Risa menepuk pundak Malvin yang masih tak percaya kalau dunia memang sesepit ini. "Jangan ngelamun, Vin. Panggilin Kak Melda sana, lama banget itu anak."
Malvin menghembuskan napas panjang. Lantas berjalan menuju kamar Melda. Sedangkan Alka tengah diwawancarai oleh orangtuanya. Belum sempat Malvin membuka pintu, terlebih dahulu pintu terbuka dari dalam. Melda mengerit menatap Malvin yang tengah berdiri di depannya.
"Mau ngapain lo?"
"Manggil lo, lha." Malvin merangkul pundak Melda. "Lo tahu, Kak. Kalau ternyata Alka itu anaknya junior Papa waktu kuliah."
Melda mengeritkan dahinya menatap Malvin. "Om Jaya?"
Malvin mengangkat bahunya acuh. "Katanya sih iya. Kan gue gak tahu Om Jaya itu yang mana orangnya, ketemu aja belum pernah."
"Gila, lo. Bapaknya temen sendiri gak tahu yang mana orangnya. Ck! Itu yang namanya sahabat?" sindir Melda.

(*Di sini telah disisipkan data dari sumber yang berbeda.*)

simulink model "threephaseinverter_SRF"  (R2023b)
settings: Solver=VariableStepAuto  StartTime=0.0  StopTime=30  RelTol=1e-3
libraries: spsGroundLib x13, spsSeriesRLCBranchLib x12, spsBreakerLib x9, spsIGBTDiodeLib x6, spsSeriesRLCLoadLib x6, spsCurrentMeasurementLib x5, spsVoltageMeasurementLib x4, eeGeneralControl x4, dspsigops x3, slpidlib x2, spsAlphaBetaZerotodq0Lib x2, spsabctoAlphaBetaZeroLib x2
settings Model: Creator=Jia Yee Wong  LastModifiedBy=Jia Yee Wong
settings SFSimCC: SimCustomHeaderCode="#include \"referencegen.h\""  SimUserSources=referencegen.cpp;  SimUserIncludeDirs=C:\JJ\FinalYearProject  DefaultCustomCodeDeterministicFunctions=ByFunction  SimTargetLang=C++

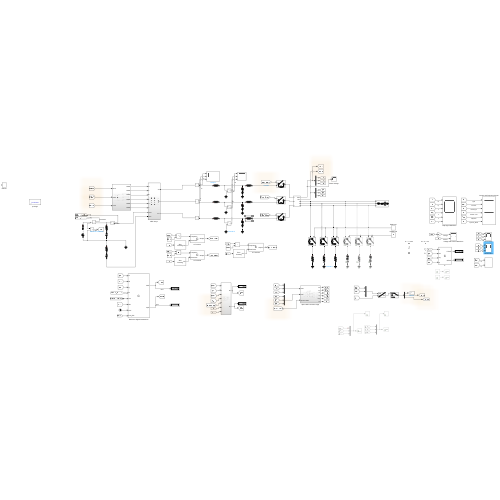
[thumbnail: Simulink's stored preview of the top-level diagram]
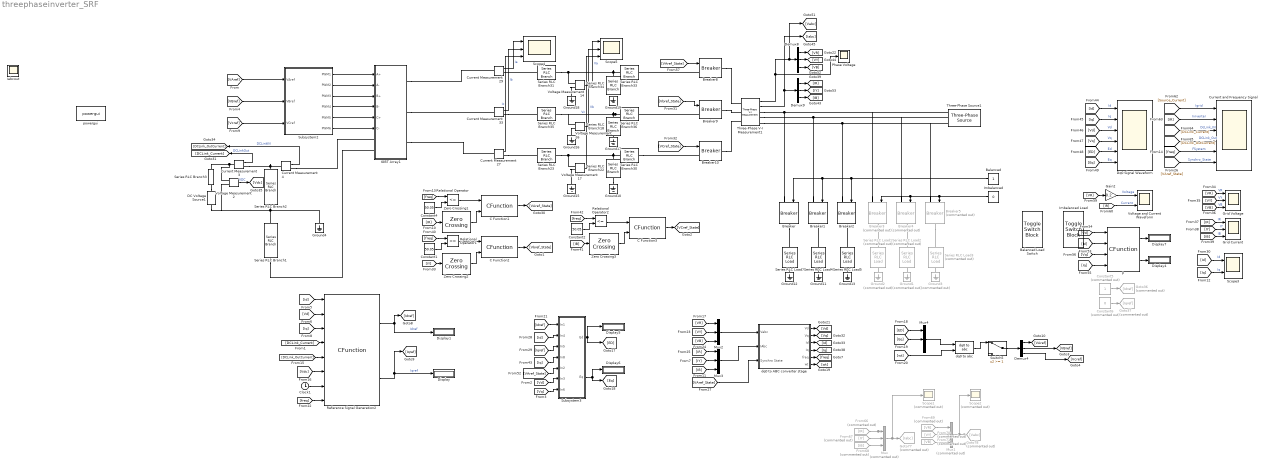
== system threephaseinverter_SRF ==
  Balanced : Constant
  Balanced Load Switch : ToggleSwitchBlock
      settings: Values={{'Off', 'On'}, [0 1]}
  Breaker : spsBreakerLib/Breaker  InitialState=0  SwitchingTimes="[1/60  5/60]"  External=on  BreakerResistance=0.01  SnubberResistance=1e6  SnubberCapacitance=inf  Measurements=None  MoreParameters=on  NoBreakLoop=off
  Breaker1 : spsBreakerLib/Breaker  InitialState=0  SwitchingTimes="[1/60  5/60]"  External=on  BreakerResistance=0.01  SnubberResistance=1e6  SnubberCapacitance=inf  Measurements=None  MoreParameters=on  NoBreakLoop=off
  Breaker10 : spsBreakerLib/Breaker  InitialState=0  SwitchingTimes="[1/60  5/60]"  External=on  BreakerResistance=0.00001  SnubberResistance=30  SnubberCapacitance=47e-9  Measurements=None  MoreParameters=on  NoBreakLoop=off
  Breaker2 : spsBreakerLib/Breaker  InitialState=0  SwitchingTimes="[1/60  5/60]"  External=on  BreakerResistance=0.01  SnubberResistance=1e6  SnubberCapacitance=inf  Measurements=None  MoreParameters=on  NoBreakLoop=off
  Breaker3 : spsBreakerLib/Breaker  Commented=on  InitialState=0  SwitchingTimes="[1/60  5/60]"  External=on  BreakerResistance=0.01  SnubberResistance=1e6  SnubberCapacitance=inf  Measurements=None  MoreParameters=on  NoBreakLoop=off
  Breaker4 : spsBreakerLib/Breaker  Commented=on  InitialState=0  SwitchingTimes="[1/60  5/60]"  External=on  BreakerResistance=0.01  SnubberResistance=1e6  SnubberCapacitance=inf  Measurements=None  MoreParameters=on  NoBreakLoop=off
  Breaker5 : spsBreakerLib/Breaker  Commented=on  InitialState=0  SwitchingTimes="[1/60  5/60]"  External=on  BreakerResistance=0.01  SnubberResistance=1e6  SnubberCapacitance=inf  Measurements=None  MoreParameters=on  NoBreakLoop=off
  Breaker8 : spsBreakerLib/Breaker  InitialState=0  SwitchingTimes="[1/60  5/60]"  External=on  BreakerResistance=0.00001  SnubberResistance=30  SnubberCapacitance=47e-9  Measurements=None  MoreParameters=on  NoBreakLoop=off
  Breaker9 : spsBreakerLib/Breaker  InitialState=0  SwitchingTimes="[1/60  5/60]"  External=on  BreakerResistance=0.00001  SnubberResistance=30  SnubberCapacitance=47e-9  Measurements=None  MoreParameters=on  NoBreakLoop=off
  C Function1 : CFunction  OutputCode=|  SampleTime=1/50000
      | if(Frequency == true && ZeroCross == 1){
      |     Output = 1;}
      | else if(Frequency == false){
      |         Output = 0;}
  C Function2 : CFunction  OutputCode=|  SampleTime=1/50000
      | if(Frequency == true && ZeroCross == 1){
      |     Output = 1;}
      | else if(Frequency == false){
      |         Output = 0;}
  C Function3 : CFunction  OutputCode=|  SampleTime=1/50000
      | if(Frequency == true && ZeroCross == 1){
      |     Output = 1;}
      | else if(Frequency == false){
      |         Output = 0;}
  Clock1 : Clock
  Constant1 : Constant  Value=50.05  SampleTime=1/50000
  Constant2 : Constant  Value=50.05  SampleTime=1/50000
  Constant4 : Constant  Value=50.05  SampleTime=1/50000
  Constant5 : Constant  Commented=on
  Constant6 : Constant  Commented=on  Value=0
  Current Measurement{3..4,27,29,33} (5 alike) : spsCurrentMeasurementLib/Current Measurement  PhasorSimulation=off  OutputType=Complex  PSBequivalent=0
  Current and Frequency Signal : Scope  NumInputPorts=6
  DC Voltage Source1 : spsDCVoltageSourceLib/DC Voltage Source  Amplitude=400  Measurements=None
  Demux4 : Demux  Outputs=3
  Demux8 : Demux  Outputs=3
  Demux9 : Demux  Outputs=3
  Display{,1,4..7} (6 alike) : Display
  Dq0 Signal Waveform : Scope  NumInputPorts=6
  From66 : From  Commented=on  GotoTag=IR
  From67 : From  Commented=on  GotoTag=IY
  From68 : From  Commented=on  GotoTag=IB
  From69 : From  Commented=on  GotoTag=VR
  From70 : From  Commented=on  GotoTag=VY
  From71 : From  Commented=on  GotoTag=VB
  Gain2 : Gain  Gain=0.2
  Goto36 : Goto  Commented=on  GotoTag=Idref
  Goto37 : Goto  Commented=on  GotoTag=Iqref
  Goto77 : Goto  Commented=on  GotoTag=Iabc
  Goto78 : Goto  Commented=on  GotoTag=Vabc
  Grid Current : Scope  NumInputPorts=3
  Grid Voltage : Scope  NumInputPorts=3
  Ground1 : spsGroundLib/Ground  Commented=on  LConnTagsString=a
  Ground{4,10..13,15..19} (10 alike) : spsGroundLib/Ground  LConnTagsString=a
  Ground2 : spsGroundLib/Ground  Commented=on  LConnTagsString=a
  Ground3 : spsGroundLib/Ground  Commented=on  LConnTagsString=a
  IGBT Array1 : Subsystem
  Iabcout : Scope
  Imbalanced : Constant  Value=0
  Imbalanced Load : ToggleSwitchBlock
      settings: Values={{'Off', 'On'}, [0 1]}
  Mux : Mux  Commented=on  Inputs=3
  Mux1 : Mux  Commented=on  Inputs=3
  Mux2 : Mux  Inputs=3
  Mux3 : Mux  Inputs=3
  Mux4 : Mux  Inputs=3
  P : CFunction  OutputCode=|
      | PTotal = Id*Vd;
      | QTotal = Id*Vq-Vq*Id;
  Phase Voltage : Scope
  Reference Signal Generation2 : CFunction  OutputCode=|  StartCode=|  SampleTime=1/50000
      OutputCode=|
      | if(Id!=PreviousId || Iq!=PreviousIq){
      |     if(ReferenceGenTrigger(Freq_PLL)){
      |         Idref=IdrefCalc(CLK,Vd,Iin,Iout, Vdc, Vdc);
      |   //Idref =1;
      |    Iqref=0;
      |    PreviousId=Id;
      |    PreviousIq=Iq;
      |    }
      |   
      | } else { Idref = 0; Iqref = 0;}
      StartCode=|
      | PreviousIq =0;
      | PreviousId =0;
  Relational Operator : RelationalOperator  Operator=<=  OutDataTypeStr=boolean  RndMeth=Simplest  InputSameDT=off
  Relational Operator1 : RelationalOperator  Operator=<=  OutDataTypeStr=boolean  RndMeth=Simplest  InputSameDT=off
  Relational Operator2 : RelationalOperator  Operator=<=  OutDataTypeStr=boolean  RndMeth=Simplest  InputSameDT=off
  Scope1 : Scope  Commented=on
  Scope2 : Scope  Commented=on
  Scope3 : Scope  NumInputPorts=2
  Scope4 : Scope  NumInputPorts=3
  Scope5 : Scope  NumInputPorts=3
  Series RLC Branch1 : spsSeriesRLCBranchLib/Series RLC Branch  LConnTagsString=__new0  RConnTagsString=__new0  BranchType=RC  Resistance=1  Inductance=0  SetiL0=off  InitialCurrent=0  Capacitance=47e-3  Setx0=off  InitialVoltage=300  Measurements=None
  Series RLC Branch18 : spsSeriesRLCBranchLib/Series RLC Branch  LConnTagsString=__new0  RConnTagsString=__new0  BranchType=RC  Resistance=120  Inductance=100e-6  SetiL0=off  InitialCurrent=0  Capacitance=5.526e-6  Setx0=off  InitialVoltage=0  Measurements=None
  Series RLC Branch2 : spsSeriesRLCBranchLib/Series RLC Branch  LConnTagsString=__new0  RConnTagsString=__new0  BranchType=RC  Resistance=1  Inductance=0  SetiL0=off  InitialCurrent=0  Capacitance=47e-3  Setx0=off  InitialVoltage=300  Measurements=None
  Series RLC Branch22 : spsSeriesRLCBranchLib/Series RLC Branch  LConnTagsString=__new0  RConnTagsString=__new0  BranchType=RC  Resistance=120  Inductance=100e-6  SetiL0=off  InitialCurrent=0  Capacitance=5.526e-6  Setx0=off  InitialVoltage=0  Measurements=None
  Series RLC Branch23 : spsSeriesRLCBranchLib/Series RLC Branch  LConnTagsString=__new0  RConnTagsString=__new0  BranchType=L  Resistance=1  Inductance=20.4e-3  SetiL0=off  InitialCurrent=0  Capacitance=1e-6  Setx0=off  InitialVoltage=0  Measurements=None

Malvin melepaskan rangkulannya dari pundak Melda. "Alka aja gak tahu gue anaknya Papa. Lagian kita kan gak pernah ngenalin keluarga satu sama lain. Yang penting hubungan pertemanan tetap terjalin."
Melda memutar bola matanya malas. "Terserah." Lantas berjalan meninggalkan Malvin.
Dari tangga, Melda melihat Alka tengah duduk di sofa dengan ditemani Darka dan Risa. Ada beberapa pertanyaan yang masuk ke otak, yang terpenting tujuan Alka bertamu malam-malam begini itu apa?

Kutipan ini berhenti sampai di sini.